WHAT YOU WILL DO
Go through the lines below and copy each one that holds the string "layers".

================

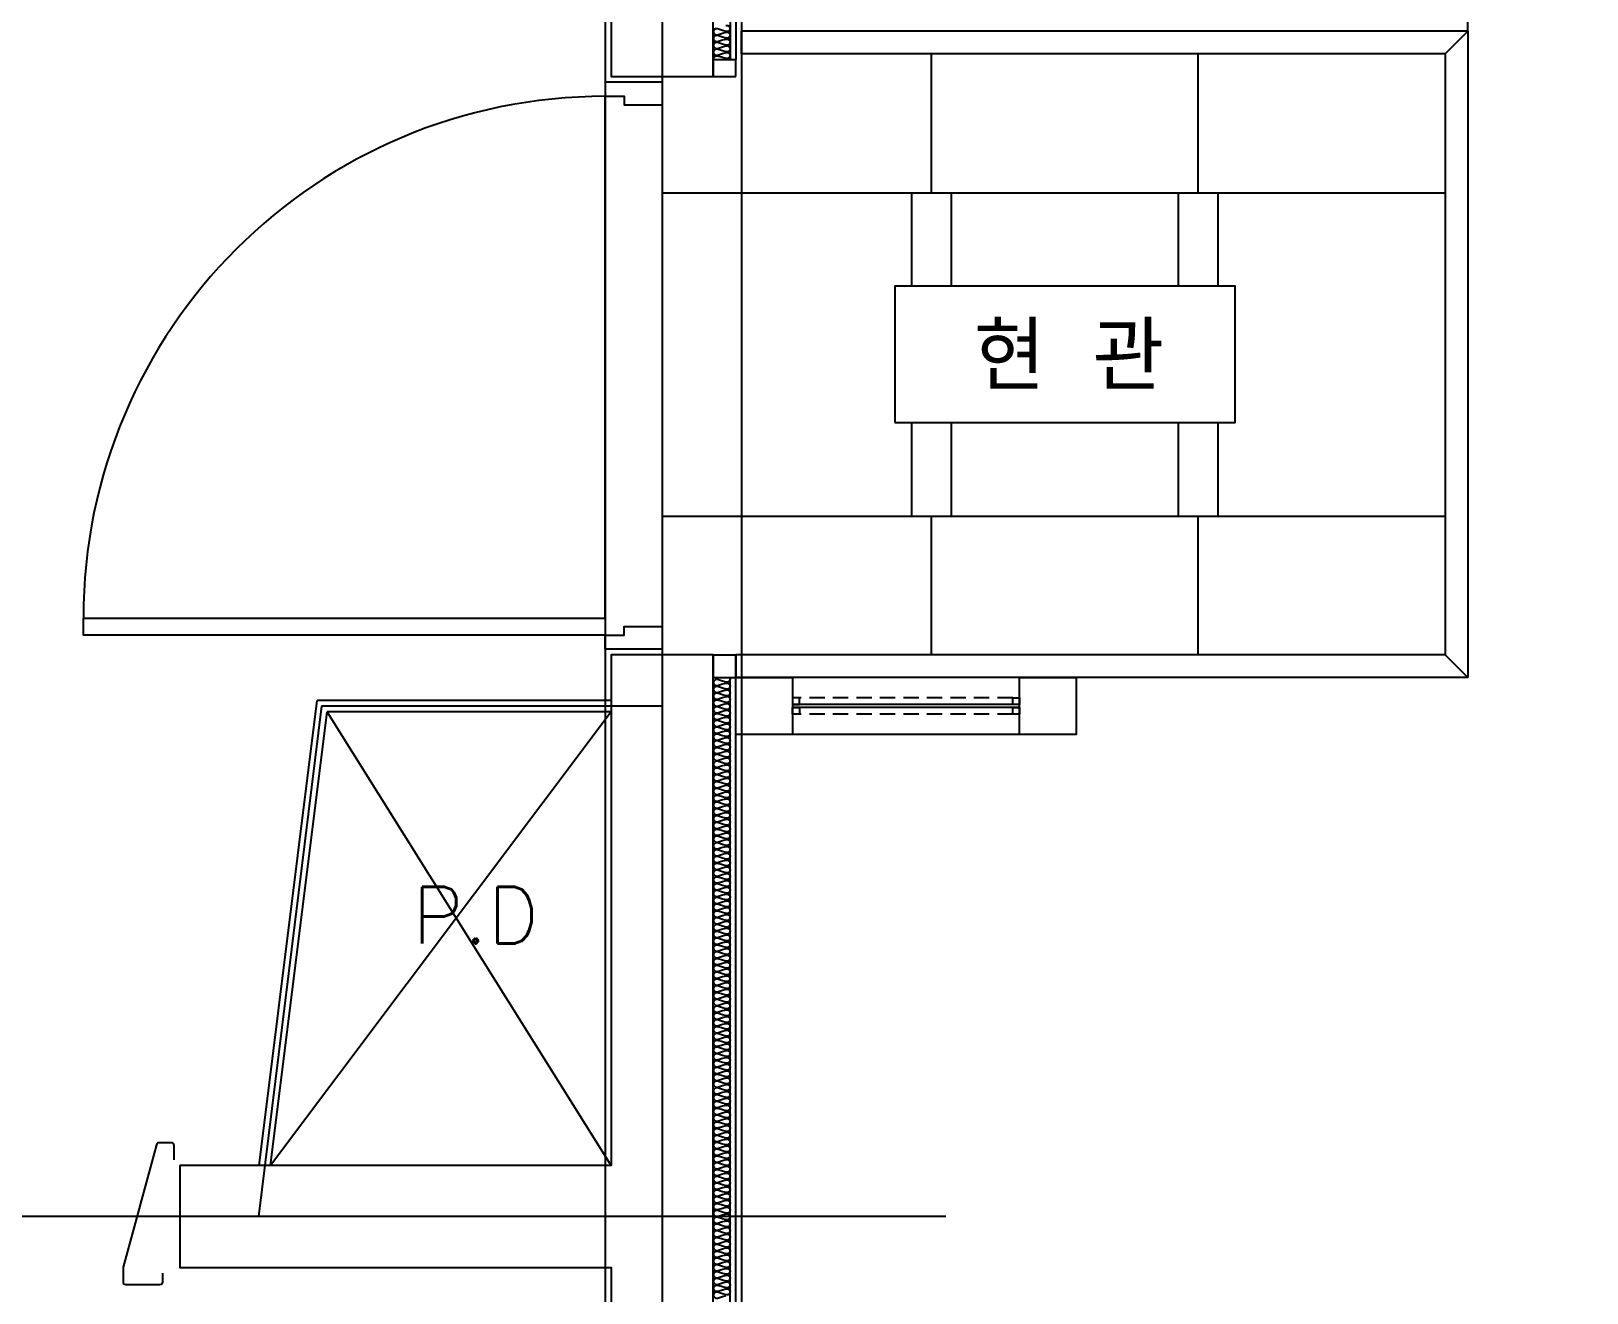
# Model space of a CAD drawing. Extents: x 0 to 40850, y 0 to 28500.
# Drawn here: x 11756 to 14498, y 12462 to 14687 of the extents above; entities that cross this region are included whole.
import ezdxf
from ezdxf.enums import TextEntityAlignment as Align

# ---------------------------------------------------------------- set-up
doc = ezdxf.new("R2010")
doc.units = 0
doc.header["$LTSCALE"] = 60
doc.header["$MEASUREMENT"] = 0
doc.linetypes.add('CEN', pattern=[62, 60, -1, 0, -1])
doc.linetypes.add('HID1', pattern=[2.3, 1.5, -0.8])
for name, color, linetype in [('1', 1, 'CONTINUOUS'), ('2', 2, 'CONTINUOUS'), ('3', 3, 'CONTINUOUS'), ('4', 4, 'CONTINUOUS'), ('7', 7, 'CONTINUOUS'), ('8', 8, 'CONTINUOUS'), ('9', 9, 'CONTINUOUS'), ('CEN', 1, 'CEN'), ('INSUL', 9, 'CONTINUOUS')]:
    doc.layers.add(name, color=color, linetype=linetype)
doc.styles.add('GHS', font='ROMANS', dxfattribs={"bigfont": 'GHS'})
doc.styles.add('HS', font='simplex', dxfattribs={"bigfont": 'ghs'})

msp = doc.modelspace()

# ---------------------------------------------------------------- linework, layer by layer
at = {"layer": '1'}
for p, q in [((13498.3, 13499.5), (13098.3, 13499.5)), ((13498.3, 13494.5), (13098.3, 13494.5))]:
    msp.add_line(p, q, dxfattribs=at)
at = {"layer": '2'}
for p, q in [((12988.3, 14997), (12988.3, 14637)), ((12998.3, 14997), (12998.3, 14637)), ((14288.3, 14687), (14288.3, 14987)), ((12958.3, 14637), (12998.3, 14637)), ((12958.3, 14637), (12958.3, 14607)), ((12998.3, 14607), (12998.3, 14637)), ((12958.3, 14607), (12998.3, 14607)), ((12958.3, 13587), (12998.3, 13587)), ((12958.3, 13587), (12958.3, 13547)), ((12998.3, 13547), (12998.3, 13587)), ((12958.3, 13547), (12998.3, 13547)), ((12988.3, 9777), (12988.3, 13547)), ((12998.3, 9767), (12998.3, 13547))]:
    msp.add_line(p, q, dxfattribs=at)
at = {"layer": '2', "linetype": 'HID1', "ltscale": 0.3}
for p, q in [((13486.3, 13511.5), (13110.3, 13511.5)), ((13486.3, 13482.5), (13110.3, 13482.5))]:
    msp.add_line(p, q, dxfattribs=at)
at = {"layer": '2'}
for points in [[(13278.3, 13997), (13878.3, 13997), (13878.3, 14237), (13278.3, 14237)], [(13098.3, 13511.5), (13098.3, 13499.5), (13110.3, 13499.5), (13110.3, 13511.5)], [(13110.3, 13494.5), (13110.3, 13482.5), (13098.3, 13482.5), (13098.3, 13494.5)], [(13498.3, 13511.5), (13498.3, 13499.5), (13486.3, 13499.5), (13486.3, 13511.5)], [(13498.3, 13494.5), (13498.3, 13482.5), (13486.3, 13482.5), (13486.3, 13494.5)]]:
    msp.add_lwpolyline(points, close=True, dxfattribs=at)
at = {"layer": '4'}
for p, q in [((13008.3, 14647), (13008.3, 14687)), ((14288.3, 14687), (13008.3, 14687)), ((14248.3, 14647), (14288.3, 14687)), ((14288.3, 14687), (14288.3, 13587)), ((14248.3, 14647), (13008.3, 14647)), ((14248.3, 14647), (14248.3, 13587)), ((14288.3, 14647), (14288.3, 13547)), ((12998.3, 13587), (12998.3, 13547)), ((14248.3, 13587), (12998.3, 13587)), ((14248.3, 13587), (14288.3, 13547)), ((14288.3, 13547), (12998.3, 13547)), ((13498.3, 13547), (13098.3, 13547)), ((12158.1, 12687), (12260.2, 13507)), ((12778.3, 13507), (12260.2, 13507)), ((12178.3, 12687), (12278.1, 13487)), ((12778.3, 13487), (12278.1, 13487)), ((13498.3, 13447), (13098.3, 13447))]:
    msp.add_line(p, q, dxfattribs=at)
at = {"layer": '4', "color": 4, "linetype": 'CONTINUOUS'}
for p, q in [((12868.3, 14597), (12868.3, 13597)), ((12768.3, 13652), (12768.3, 14572))]:
    msp.add_line(p, q, dxfattribs=at)
at = {"layer": '4', "color": 4}
for p, q in [((11977.3, 12723.3), (11918.4, 12507.7)), ((12003.3, 12727), (11982.1, 12727)), ((12008.3, 12697), (12008.3, 12722)), ((11918.3, 12506.3), (11918.3, 12482)), ((11923.3, 12477), (11983.3, 12477)), ((11988.3, 12482), (11988.3, 12497))]:
    msp.add_line(p, q, dxfattribs=at)
at = {"layer": '4', "color": 4, "linetype": 'CONTINUOUS'}
for points in [[(12768.3, 14597), (12768.3, 14572), (12801.3, 14572), (12801.3, 14557), (12868.3, 14557)], [(12868.3, 14597), (12768.3, 14597)], [(12768.3, 13597), (12768.3, 13622), (12801.3, 13622), (12801.3, 13637), (12868.3, 13637)], [(12868.3, 13597), (12768.3, 13597)]]:
    msp.add_lwpolyline(points, dxfattribs=at)
msp.add_lwpolyline([(12768.3, 13622), (11848.3, 13622), (11848.3, 13652), (12768.3, 13652)], close=True, dxfattribs=at)
at = {"layer": '4'}
for points in [[(12998.3, 13447), (12998.3, 13547), (13098.3, 13547), (13098.3, 13447)], [(13598.3, 13547), (13598.3, 13447), (13498.3, 13447), (13498.3, 13547)]]:
    msp.add_lwpolyline(points, close=True, dxfattribs=at)
at = {"layer": '4', "color": 4, "linetype": 'CONTINUOUS'}
msp.add_arc((12768.3, 13652), 920, 90, 180, dxfattribs=at)
at = {"layer": '4', "color": 4}
for centre, start, end in [((11982.1, 12722), 90, 164.7449), ((12003.3, 12722), 360, 90), ((11923.3, 12506.3), 164.7449, 180), ((11923.3, 12482), 180, 270), ((11983.3, 12482), 270, 360)]:
    msp.add_arc(centre, 5, start, end, dxfattribs=at)
at = {"layer": '7'}
for points in [[(12948.3, 17522), (12948.3, 17957), (12958.3, 17957), (12958.3, 20487), (12228.3, 20487), (12228.3, 20307), (12778.3, 20307), (12778.3, 14607), (12958.3, 14607), (12958.3, 14997), (14498.3, 14997), (14498.3, 15177), (12958.3, 15177), (12958.3, 17512)], [(12018.3, 12687), (12018.3, 12507), (12778.3, 12507), (12778.3, 9947), (10158.3, 9947), (10158.3, 12507), (10918.3, 12507), (10918.3, 12687), (10158.3, 12687), (10158.3, 13587), (9978.3, 13587), (9978.3, 10402), (9988.3, 10392), (9988.3, 9957), (9978.3, 9957), (9978.3, 9767), (12958.3, 9767), (12958.3, 9957), (12948.3, 9957), (12948.3, 10392), (12958.3, 10402), (12958.3, 13587), (12778.3, 13587), (12778.3, 12687)]]:
    msp.add_lwpolyline(points, close=True, dxfattribs=at)
at = {"layer": '8'}
for p, q in [((12768.3, 22332), (12768.3, 6042)), ((13008.3, 22332), (13008.3, 6042))]:
    msp.add_line(p, q, dxfattribs=at)
at = {"layer": '9'}
for p, q in [((13343.3, 14402), (13343.3, 14647)), ((13813.3, 14402), (13813.3, 14647)), ((12868.3, 14402), (14248.3, 14402)), ((13308.3, 14237), (13308.3, 14402)), ((13378.3, 14237), (13378.3, 14402)), ((13778.3, 14237), (13778.3, 14402)), ((13848.3, 14237), (13848.3, 14402)), ((13308.3, 13832), (13308.3, 13997)), ((13378.3, 13832), (13378.3, 13997)), ((13778.3, 13832), (13778.3, 13997)), ((13848.3, 13832), (13848.3, 13997)), ((12868.3, 13832), (14248.3, 13832)), ((13343.3, 13587), (13343.3, 13832)), ((13813.3, 13587), (13813.3, 13832))]:
    msp.add_line(p, q, dxfattribs=at)
at = {"layer": 'CEN'}
for p, q in [((12868.3, 22332), (12868.3, 6042)), ((12268.3, 13497), (12157.2, 12597)), ((12868.3, 13497), (12268.3, 13497)), ((12778.3, 13487), (12178.3, 12687)), ((12778.3, 12687), (12278.1, 13487)), ((13368.3, 12597), (8868.3, 12597))]:
    msp.add_line(p, q, dxfattribs=at)
at = {"layer": 'INSUL'}
for points in [[(12980.8, 14697), (12984.1, 14697), (12987.1, 14695.2), (12988.3, 14691.9), (12987.1, 14688.6), (12984.1, 14686.5), (12980.8, 14686.5), (12973.3, 14688.8), (12965.8, 14691), (12962.5, 14691), (12959.5, 14689.2), (12958.3, 14685.9), (12959.5, 14682.6), (12962.5, 14680.5), (12965.8, 14680.5), (12973.3, 14682.8), (12980.8, 14685)], [(12980.8, 14685), (12984.1, 14685), (12987.1, 14683.2), (12988.3, 14679.9), (12987.1, 14676.6), (12984.1, 14674.5), (12980.8, 14674.5), (12973.3, 14676.8), (12965.8, 14679), (12962.5, 14679), (12959.5, 14677.2), (12958.3, 14673.9), (12959.5, 14670.6), (12962.5, 14668.5), (12965.8, 14668.5), (12973.3, 14670.8), (12980.8, 14673)], [(12980.8, 14673), (12984.1, 14673), (12987.1, 14671.2), (12988.3, 14667.9), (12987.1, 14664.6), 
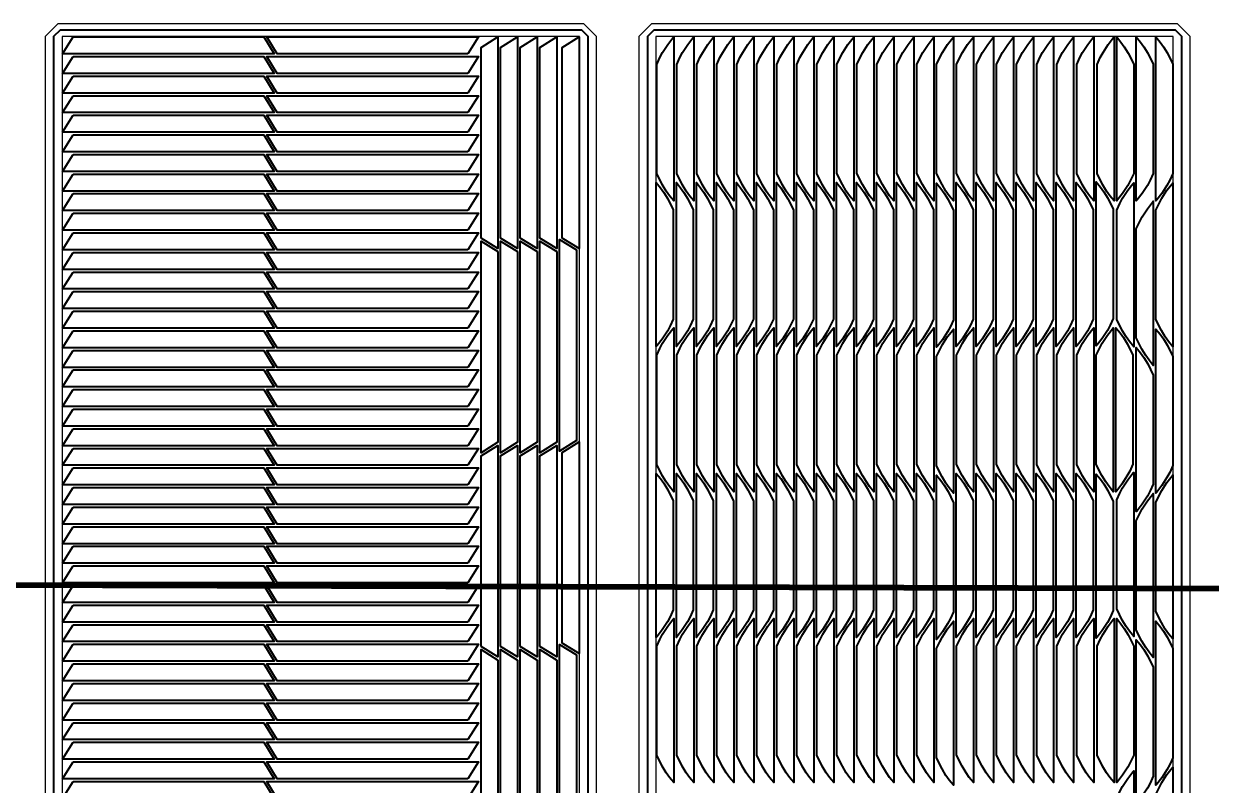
# Model space of a CAD drawing. Header units: millimetres. Extents: x -10628 to 24720, y -21829 to 4032.
# Drawn here: x 7998 to 10798, y -13045 to -11249 of the extents above; entities that cross this region are included whole.
import ezdxf
from ezdxf.enums import TextEntityAlignment as Align
from ezdxf.lldxf.tags import DXFTag

# ---------------------------------------------------------------- set-up
doc = ezdxf.new("R2010")
doc.units = ezdxf.units.MM
doc.layers.add('layer chu', color=7, linetype='Continuous', lineweight=9)
doc.layers.add('layer khung van cnc', color=7, linetype='Continuous', lineweight=25, true_color=0xfbf59b)
doc.layers.add('layer mau', color=7, linetype='Continuous')
doc.styles.add('Text Dim', font='arial.ttf')
tags = doc.linetypes.add('DATTRANHVAKEPVAN', pattern='A,32.156035,-1.521322,["DAT TRÁNH VA CHẠM KẸP VÁN",Text Dim,S=2.23494,R=0,X=0,Y=-0.877209],-47.8264', length=81.503757).pattern_tags.tags
tags[6] = DXFTag(74, 10)
tags = doc.linetypes.add('KVVIENMAY', pattern='A,46.311228,-10.280676,["KV VIỀN MÁY",Text Dim,S=10.028098,R=0,X=0,Y=-4.346144],-100.988212', length=157.580116).pattern_tags.tags
tags[6] = DXFTag(74, 10)

# ---------------------------------------------------------------- blocks, each defined once
blk = doc.blocks.new('khung van cnc')
at = {"color": 2, "linetype": 'DATTRANHVAKEPVAN', "lineweight": 5}
for p, q in [((-1453, -44.4), (-1148, -44.4)), ((-1148, -44.4), (-538.7, -44.4)), ((-539.1, -45.3), (-233, -44.4))]:
    blk.add_line(p, q, dxfattribs=at)
at = {"color": 250, "lineweight": 5}
blk.add_line((-1494.1, -99.4), (-193, -99.4), dxfattribs=at)
at = {"lineweight": 5}
blk.add_lwpolyline([(-193, -99.4), (-193, 2370.6), (-223, 2400.6), (-1463, 2400.6), (-1493, 2370.6), (-1493, -99.4)], close=True, dxfattribs=at)
at = {"color": 1, "linetype": 'KVVIENMAY'}
for points in [[(-511.9, -84.4), (-213, -84.4), (-213, 2370.6), (-228, 2385.6), (-1458, 2385.6), (-1473, 2370.6), (-1473, -84.4), (-1172.8, -84.4)], [(-1104, -84.4), (-567.2, -84.4)]]:
    blk.add_lwpolyline(points, dxfattribs=at)
at = {"lineweight": 5}
for points in [[(-513.5, -69.4), (-233, -69.4), (-233, 2370.6), (-1453, 2370.6), (-1453, -69.4), (-1173, -69.4)], [(-1123, -69.4), (-563.5, -69.4)]]:
    blk.add_lwpolyline(points, dxfattribs=at)
blk.add_lwpolyline([(-843, -551.3), (-1463, -551.3), (-1493, -521.3), (-1493, -99.4), (-843, -99.4)], close=True)
for centre in [(-1148, -69.4), (-538.5, -70.2)]:
    blk.add_circle(centre, 25, dxfattribs=at)
at = {"layer": 'layer mau'}
for points in [[(-843, -99.4), (-193, -99.4), (-193, -212.4), (-843, -212.4)], [(-843, -212.4), (-193, -212.4), (-193, -325.3), (-843, -325.3)], [(-843, -325.3), (-193, -325.3), (-193, -438.3), (-843, -438.3)], [(-843, -438.3), (-193, -438.3), (-193, -521.2), (-223, -551.2), (-843, -551.2)]]:
    blk.add_lwpolyline(points, close=True, dxfattribs=at)
at = {"color": 254, "lineweight": 5, "char_height": 50, "width": 647.53, "attachment_point": 5}
for s, insert in [('{\\fArial|b0|i0|c163|p34;Tên File}', (-1168.8, -155.9)), ('{\\fYu Gothic UI Semilight|b0|i0|c128|p34;Ván}', (-1168.8, -268.9)), ('{\\fYu Gothic UI Semilight|b0|i0|c128|p34;Đ\\fArial|b0|i0|c163|p34;ộ\\fYu Gothic UI Semilight|b0|i0|c128|p34; Dày Ván}', (-1168.8, -381.8)), ('{\\fYu Gothic UI Semilight|b0|i0|c128|p34;S\\fArial|b0|i0|c163|p34;ố\\fYu Gothic UI Semilight|b0|i0|c128|p34; L\\fArial|b0|i0|c163|p34;ượ\\fYu Gothic UI Semilight|b0|i0|c128|p34;ng Chi Ti\\fArial|b0|i0|c163|p34;ế\\fYu Gothic UI Semilight|b0|i0|c128|p34;t}', (-1168.8, -494.8))]:
    blk.add_mtext(s, dxfattribs=dict(at, insert=insert))
at = {"layer": 'layer mau'}
for tag, p in [('ÁGF', (-518, -155.9)), ('TENFILE', (-518, -268.9)), ('TENFILE', (-518, -381.8)), ('TENFILE', (-518, -494.8))]:
    blk.add_attdef(tag, text='', height=30, dxfattribs=at).set_placement(p, align=Align.MIDDLE_CENTER)

msp = doc.modelspace()

# ---------------------------------------------------------------- linework, layer by layer
at = {"color": 1, "lineweight": 211}
msp.add_line((4702.488, -12563.343), (17242.724, -12598.284), dxfattribs=at)
for points in [[(8114.655, -11280.183), (8564.276, -11280.183), (8588.917, -11320.183), (8090.014, -11320.183)], [(9045.821, -11320.183), (8596.199, -11320.183), (8571.558, -11280.183), (9070.462, -11280.183)], [(9076.67, -11754.453), (9076.67, -11304.832), (9116.67, -11280.191), (9116.67, -11779.094)], [(9122.87, -11754.453), (9122.87, -11304.832), (9162.87, -11280.191), (9162.87, -11779.094)], [(9169.07, -11754.453), (9169.07, -11304.832), (9209.07, -11280.191), (9209.07, -11779.094)], [(9215.27, -11754.453), (9215.27, -11304.832), (9255.27, -11280.191), (9255.27, -11779.094)], [(9268.006, -11754.453), (9268.006, -11304.832), (9308.006, -11280.191), (9308.006, -11779.094)], [(9520.987, -11654.75), (9513.189, -11643.767), (9503.804, -11628.451), (9491.008, -11602.393), (9491.008, -11344.975), (9498.36, -11329.067), (9504.923, -11316.788), (9517.088, -11297.928), (9528.98, -11282.467), (9531.008, -11280.207), (9531.008, -11666.98)], [(9568.189, -11654.75), (9560.391, -11643.767), (9551.007, -11628.451), (9538.211, -11602.393), (9538.211, -11344.975), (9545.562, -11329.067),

================

REPLY TO THE TASK
    doc.layers.add(name, color=color, linetype=linetype)
doc.layers.add('layer chu', color=7, linetype='Continuous', lineweight=9)
doc.layers.add('layer khung van cnc', color=7, linetype='Continuous', lineweight=25, true_color=0xfbf59b)
doc.layers.add('layer mau', color=7, linetype='Continuous')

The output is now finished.